# FreeBSD source on GitHub and overall development model



## fnoyanisi (Jan 19, 2017)

Hi folks,

Just to figure out the overall development model for FreeBSD project (I read the project model for FreeBSD book) and have a few questions, or points to clarify I would say...

First of all, what I understand from the FreeBSD project model book is that bugzilla is used to report bugs and submit patches, but what is not included in the book is Phabricator is used in the process of reviewing submitted patches. Is my underdstanding correct here?

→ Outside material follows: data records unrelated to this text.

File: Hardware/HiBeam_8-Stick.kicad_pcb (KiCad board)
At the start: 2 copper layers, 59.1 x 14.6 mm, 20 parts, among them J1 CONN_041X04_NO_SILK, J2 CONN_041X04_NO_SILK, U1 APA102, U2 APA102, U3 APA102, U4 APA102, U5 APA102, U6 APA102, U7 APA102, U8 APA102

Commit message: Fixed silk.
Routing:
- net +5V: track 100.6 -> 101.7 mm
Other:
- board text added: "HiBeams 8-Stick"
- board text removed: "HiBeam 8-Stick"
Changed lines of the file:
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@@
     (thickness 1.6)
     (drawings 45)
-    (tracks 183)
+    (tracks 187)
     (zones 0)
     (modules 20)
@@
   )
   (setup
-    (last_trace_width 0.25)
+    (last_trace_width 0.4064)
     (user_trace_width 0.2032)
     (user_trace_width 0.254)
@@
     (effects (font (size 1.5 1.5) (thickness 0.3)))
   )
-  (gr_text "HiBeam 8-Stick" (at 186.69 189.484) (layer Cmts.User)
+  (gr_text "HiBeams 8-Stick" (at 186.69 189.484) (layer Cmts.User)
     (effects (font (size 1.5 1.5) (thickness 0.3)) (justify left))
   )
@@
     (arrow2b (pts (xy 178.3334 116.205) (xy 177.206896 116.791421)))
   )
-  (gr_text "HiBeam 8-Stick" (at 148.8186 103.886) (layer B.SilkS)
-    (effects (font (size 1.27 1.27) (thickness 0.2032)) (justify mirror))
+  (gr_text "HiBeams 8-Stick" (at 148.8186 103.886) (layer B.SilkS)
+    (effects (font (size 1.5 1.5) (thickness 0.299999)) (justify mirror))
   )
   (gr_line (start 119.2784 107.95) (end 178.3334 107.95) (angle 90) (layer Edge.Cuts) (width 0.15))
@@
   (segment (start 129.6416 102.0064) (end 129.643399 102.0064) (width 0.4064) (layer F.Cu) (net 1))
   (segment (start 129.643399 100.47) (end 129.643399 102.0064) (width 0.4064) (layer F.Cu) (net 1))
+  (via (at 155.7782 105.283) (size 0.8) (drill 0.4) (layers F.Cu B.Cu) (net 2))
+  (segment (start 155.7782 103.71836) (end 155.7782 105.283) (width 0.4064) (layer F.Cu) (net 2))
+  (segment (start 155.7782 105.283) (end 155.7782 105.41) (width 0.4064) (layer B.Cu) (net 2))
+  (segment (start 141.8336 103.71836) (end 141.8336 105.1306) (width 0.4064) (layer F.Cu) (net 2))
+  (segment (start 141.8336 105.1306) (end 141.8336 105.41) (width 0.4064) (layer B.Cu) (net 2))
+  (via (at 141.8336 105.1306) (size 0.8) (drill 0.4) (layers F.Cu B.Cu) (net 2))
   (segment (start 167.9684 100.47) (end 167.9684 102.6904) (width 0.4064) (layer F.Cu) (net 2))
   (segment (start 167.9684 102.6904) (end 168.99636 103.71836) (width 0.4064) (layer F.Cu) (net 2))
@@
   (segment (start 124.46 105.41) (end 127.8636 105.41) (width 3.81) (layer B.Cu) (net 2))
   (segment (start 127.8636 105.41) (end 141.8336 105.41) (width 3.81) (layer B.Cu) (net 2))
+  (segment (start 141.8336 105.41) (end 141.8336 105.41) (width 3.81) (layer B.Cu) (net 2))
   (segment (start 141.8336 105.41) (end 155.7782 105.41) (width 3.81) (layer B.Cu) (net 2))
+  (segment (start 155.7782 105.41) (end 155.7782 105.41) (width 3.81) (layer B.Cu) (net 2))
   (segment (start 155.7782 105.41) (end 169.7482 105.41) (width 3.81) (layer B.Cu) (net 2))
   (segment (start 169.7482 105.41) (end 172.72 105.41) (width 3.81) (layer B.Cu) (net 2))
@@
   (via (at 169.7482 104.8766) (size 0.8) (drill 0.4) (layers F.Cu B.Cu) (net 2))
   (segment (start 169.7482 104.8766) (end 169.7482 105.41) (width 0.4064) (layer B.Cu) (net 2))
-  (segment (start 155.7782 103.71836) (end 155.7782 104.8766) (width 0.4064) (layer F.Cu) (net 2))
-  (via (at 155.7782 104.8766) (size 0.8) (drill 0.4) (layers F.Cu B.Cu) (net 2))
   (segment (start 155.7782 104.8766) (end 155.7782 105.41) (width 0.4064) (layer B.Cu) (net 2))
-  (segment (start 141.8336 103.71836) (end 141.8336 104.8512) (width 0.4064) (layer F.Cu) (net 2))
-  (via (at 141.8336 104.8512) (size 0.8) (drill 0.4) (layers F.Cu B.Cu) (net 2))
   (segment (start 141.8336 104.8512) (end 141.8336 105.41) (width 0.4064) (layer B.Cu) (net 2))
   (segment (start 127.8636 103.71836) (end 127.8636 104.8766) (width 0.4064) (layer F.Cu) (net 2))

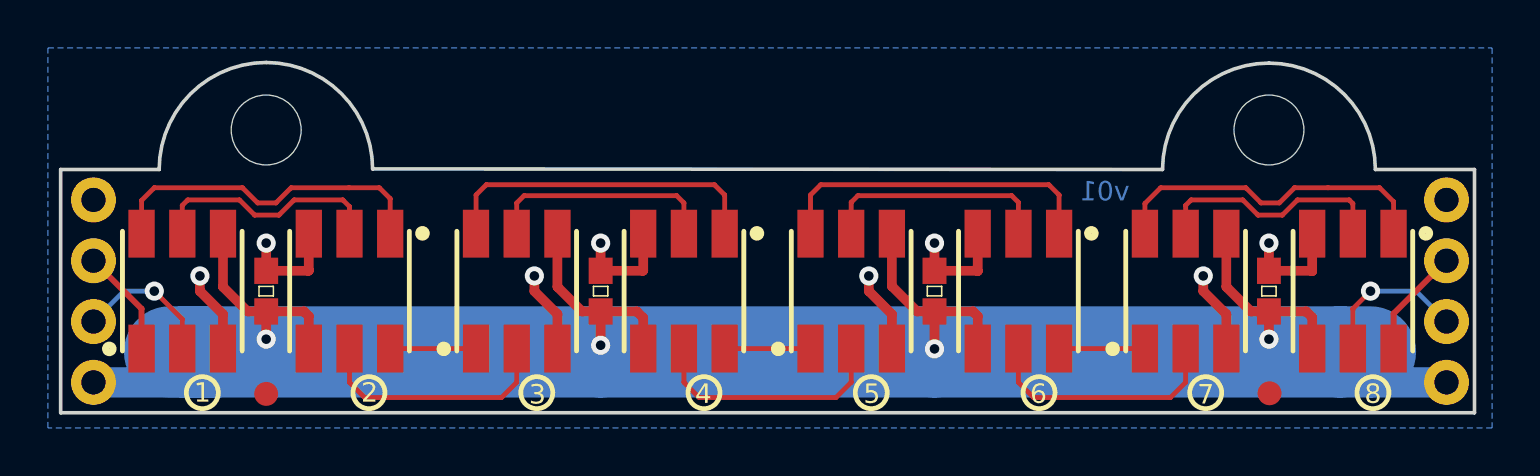
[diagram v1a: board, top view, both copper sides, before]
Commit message: Castleated connectors.
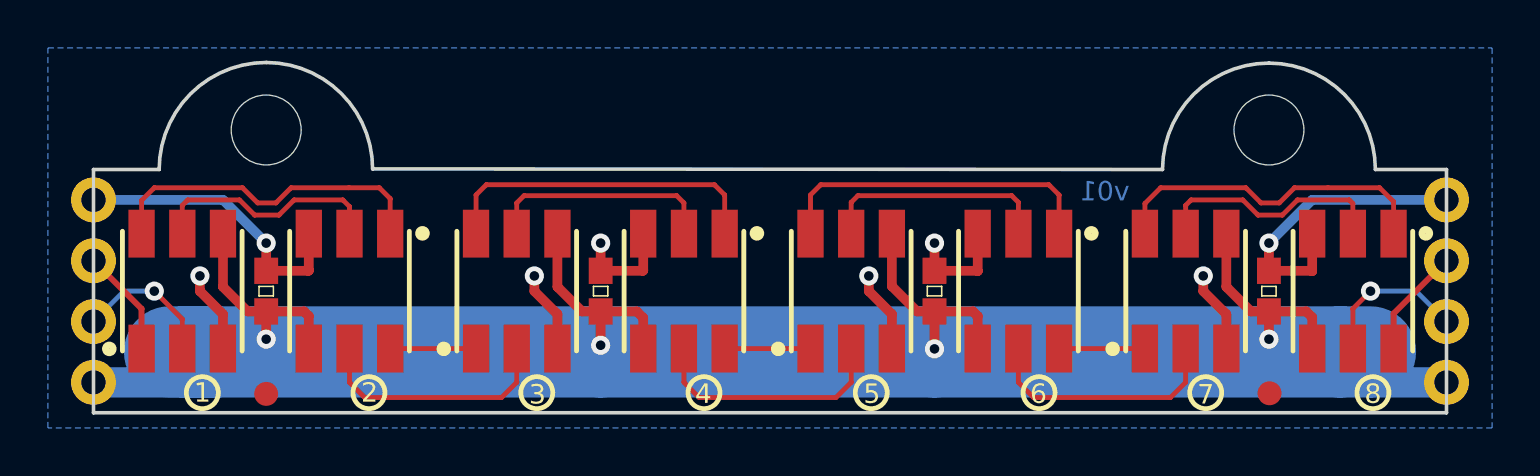
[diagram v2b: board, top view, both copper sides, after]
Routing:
- net GND: track 31.8 -> 47.9 mm
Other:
- board size 59.1 x 14.6 mm -> 56.5 x 14.6 mm
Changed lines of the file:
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@@
     (links 44)
     (no_connects 0)
-    (area 108.026286 87.292311 239.952514 194.4858)
+    (area 107.264286 87.292311 239.952514 194.4858)
     (thickness 1.6)
     (drawings 45)
-    (tracks 187)
+    (tracks 191)
     (zones 0)
     (modules 20)
@@
     (pad "" np_thru_hole circle (at 0 0) (size 2.921 2.921) (drill 2.921) (layers *.Cu *.Mask))
   )
+  (dimension 14.605 (width 0.3) (layer Dwgs.User)
+    (gr_text "0.5750 in" (at 112.95 100.6475 270) (layer Dwgs.User)
+      (effects (font (size 1.5 1.5) (thickness 0.3)))
+    )
+    (feature1 (pts (xy 120.65 107.95) (xy 111.6 107.95)))
+    (feature2 (pts (xy 120.65 93.345) (xy 111.6 93.345)))
+    (crossbar (pts (xy 114.3 93.345) (xy 114.3 107.95)))
+    (arrow1a (pts (xy 114.3 107.95) (xy 113.713579 106.823496)))
+    (arrow1b (pts (xy 114.3 107.95) (xy 114.886421 106.823496)))
+    (arrow2a (pts (xy 114.3 93.345) (xy 113.713579 94.471504)))
+    (arrow2b (pts (xy 114.3 93.345) (xy 114.886421 94.471504)))
+  )
+  (dimension 56.515 (width 0.3) (layer Dwgs.User)
+    (gr_text "2.2250 in" (at 148.9075 113.999) (layer Dwgs.User)
+      (effects (font (size 1.5 1.5) (thickness 0.3)))
+    )
+    (feature1 (pts (xy 120.65 107.95) (xy 120.65 115.349)))
+    (feature2 (pts (xy 177.165 107.95) (xy 177.165 115.349)))
+    (crossbar (pts (xy 177.165 112.649) (xy 120.65 112.649)))
+    (arrow1a (pts (xy 120.65 112.649) (xy 121.776504 112.062579)))
+    (arrow1b (pts (xy 120.65 112.649) (xy 121.776504 113.235421)))
+    (arrow2a (pts (xy 177.165 112.649) (xy 176.038496 112.062579)))
+    (arrow2b (pts (xy 177.165 112.649) (xy 176.038496 113.235421)))
+  )
+  (gr_line (start 177.165 97.79) (end 177.165 107.95) (angle 90) (layer Edge.Cuts) (width 0.15))
+  (gr_line (start 120.65 97.79) (end 120.65 107.95) (angle 90) (layer Edge.Cuts) (width 0.15))
+  (gr_line (start 120.65 97.79) (end 123.3932 97.79) (angle 90) (layer Edge.Cuts) (width 0.15))
+  (gr_line (start 120.65 107.95) (end 177.165 107.95) (angle 90) (layer Edge.Cuts) (width 0.15))
   (dimension 10.16 (width 0.3) (layer Dwgs.User)
     (gr_text "0.4000 in" (at 185.5254 102.87 90) (layer Dwgs.User)
@@
     (arrow2b (pts (xy 184.1754 107.95) (xy 183.588979 106.823496)))
   )
-  (dimension 14.6304 (width 0.3) (layer Dwgs.User)
-    (gr_text "0.5760 in" (at 113.712 100.6348 90) (layer Dwgs.User)
-      (effects (font (size 1.5 1.5) (thickness 0.3)))
-    )
-    (feature1 (pts (xy 119.2784 93.3196) (xy 112.362 93.3196)))
-    (feature2 (pts (xy 119.2784 107.95) (xy 112.362 107.95)))
-    (crossbar (pts (xy 115.062 107.95) (xy 115.062 93.3196)))
-    (arrow1a (pts (xy 115.062 93.3196) (xy 115.648421 94.446104)))
-    (arrow1b (pts (xy 115.062 93.3196) (xy 114.475579 94.446104)))
-    (arrow2a (pts (xy 115.062 107.95) (xy 115.648421 106.823496)))
-    (arrow2b (pts (xy 115.062 107.95) (xy 114.475579 106.823496)))
-  )
   (dimension 41.884608 (width 0.3) (layer Dwgs.User)
     (gr_text "1.6490 in" (at 148.808736 88.65501 359.9652542) (layer Dwgs.User)
@@
     (arrow2b (pts (xy 127.865618 89.99231) (xy 128.992477 89.406573)))
   )
-  (gr_line (start 174.1932 97.79) (end 178.3334 97.79) (angle 90) (layer Edge.Cuts) (width 0.15))
+  (gr_line (start 174.1932 97.79) (end 177.165 97.79) (angle 90) (layer Edge.Cuts) (width 0.15))
   (gr_line (start 132.3086 97.7646) (end 165.3032 97.79) (angle 90) (layer Edge.Cuts) (width 0.15))
-  (gr_line (start 119.2784 97.79) (end 123.3932 97.79) (angle 90) (layer Edge.Cuts) (width 0.15))
   (gr_arc (start 169.7482 97.79) (end 165.3032 97.79) (angle 90) (layer Edge.Cuts) (width 0.15))
   (gr_arc (start 169.7482 97.79) (end 169.7482 93.345) (angle 90) (layer Edge.Cuts) (width 0.15))
@@
     (effects (font (size 0.8128 0.8128) (thickness 0.2032)) (justify mirror))
   )
-  (dimension 59.055 (width 0.3) (layer Dwgs.User)
-    (gr_text "2.3250 in" (at 148.8059 117.555) (layer Dwgs.User)
-      (effects (font (size 1.5 1.5) (thickness 0.3)))
-    )
-    (feature1 (pts (xy 119.2784 107.95) (xy 119.2784 118.905)))
-    (feature2 (pts (xy 178.3334 107.95) (xy 178.3334 118.905)))
-    (crossbar (pts (xy 178.3334 116.205) (xy 119.2784 116.205)))
-    (arrow1a (pts (xy 119.2784 116.205) (xy 120.404904 115.618579)))
-    (arrow1b (pts (xy 119.2784 116.205) (xy 120.404904 116.791421)))
-    (arrow2a (pts (xy 178.3334 116.205) (xy 177.206896 115.618579)))
-    (arrow2b (pts (xy 178.3334 116.205) (xy 177.206896 116.791421)))
-  )
   (gr_text "HiBeams 8-Stick" (at 148.8186 103.886) (layer B.SilkS)
     (effects (font (size 1.5 1.5) (thickness 0.299999)) (justify mirror))
   )
-  (gr_line (start 119.2784 107.95) (end 178.3334 107.95) (angle 90) (layer Edge.Cuts) (width 0.15))
-  (gr_line (start 178.3334 107.95) (end 178.3334 97.79) (angle 90) (layer Edge.Cuts) (width 0.15))
-  (gr_line (start 119.2784 97.79) (end 119.2784 107.95) (angle 90) (layer Edge.Cuts) (width 0.15))
+  (segment (start 120.65 99.06) (end 126.0602 99.06) (width 0.4064) (layer B.Cu) (net 1))
+  (via (at 127.8636 100.8634) (size 0.8) (drill 0.4) (layers F.Cu B.Cu) (net 1))
+  (segment (start 127.8636 100.8634) (end 127.8636 102.02164) (width 0.4064) (layer F.Cu) (net 1))
+  (segment (start 126.0602 99.06) (end 127.8636 100.8634) (width 0.4064) (layer B.Cu) (net 1))
+  (segment (start 177.165 99.06) (end 171.5516 99.06) (width 0.4064) (layer B.Cu) (net 1))
+  (via (at 169.7482 100.8634) (size 0.8) (drill 0.4) (layers F.Cu B.Cu) (net 1))
+  (segment (start 169.7482 100.8634) (end 169.7482 102.02164) (width 0.4064) (layer F.Cu) (net 1))
+  (segment (start 171.5516 99.06) (end 169.7482 100.8634) (width 0.4064) (layer B.Cu) (net 1))
   (segment (start 126.058401 105.27) (end 126.058401 103.833401) (width 0.4064) (layer F.Cu) (net 1))
   (segment (start 126.058401 103.833401) (end 125.095 102.87) (width 0.4064) (layer F.Cu) (net 1))
@@
   (segment (start 139.065 102.87) (end 139.065 102.235) (width 0.4064) (layer F.Cu) (net 1))
   (via (at 139.065 102.235) (size 0.8) (drill 0.4) (layers F.Cu B.Cu) (net 1))
-  (segment (start 169.7482 102.02164) (end 169.7482 100.8634) (width 0.4064) (layer F.Cu) (net 1))
-  (via (at 169.7482 100.8634) (size 0.8) (drill 0.4) (layers F.Cu B.Cu) (net 1))
   (segment (start 155.7782 102.02164) (end 155.7782 100.8634) (width 0.4064) (layer F.Cu) (net 1))
   (via (at 155.7782 100.8634) (size 0.8) (drill 0.4) (layers F.Cu B.Cu) (net 1))
   (segment (start 141.8336 102.02164) (end 141.8336 100.8634) (width 0.4064) (layer F.Cu) (net 1))
   (via (at 141.8336 100.8634) (size 0.8) (drill 0.4) (layers F.Cu B.Cu) (net 1))
-  (segment (start 127.8636 102.02164) (end 127.8636 100.8634) (width 0.4064) (layer F.Cu) (net 1))
-  (via (at 127.8636 100.8634) (size 0.8) (drill 0.4) (layers F.Cu B.Cu) (net 1))
   (segment (start 169.7482 102.02164) (end 171.54144 102.02164) (width 0.4064) (layer F.Cu) (net 1))
   (segment (start 171.54144 102.02164) (end 171.5516 102.0318) (width 0.4064) (layer F.Cu) (net 1))

Another thing that I want to clarify is the role of FreeBSD GitHub repo, which is a read-only git repository. Although the repository is read-only, I see that there have been several PRs submitted so far. What is the role of FreeBSD GitHub repo in the overall development process?

Thanks in advance...


----------



## usdmatt (Jan 20, 2017)

Yes Phabricator is used to allow devs to comment on patches and provide feedback before it is merged. Of course it's not purely related to Bugzilla, many of the entries on Phabricator are improvements/new features or refactoring.

As far as I'm aware the GitHub repository is purely a standalone copy for people who want to view or access the code using git or via the GitHub web interface. The devs do not use it and any issues should be submitted into Bugzilla, not the PR section in GitHub.


----------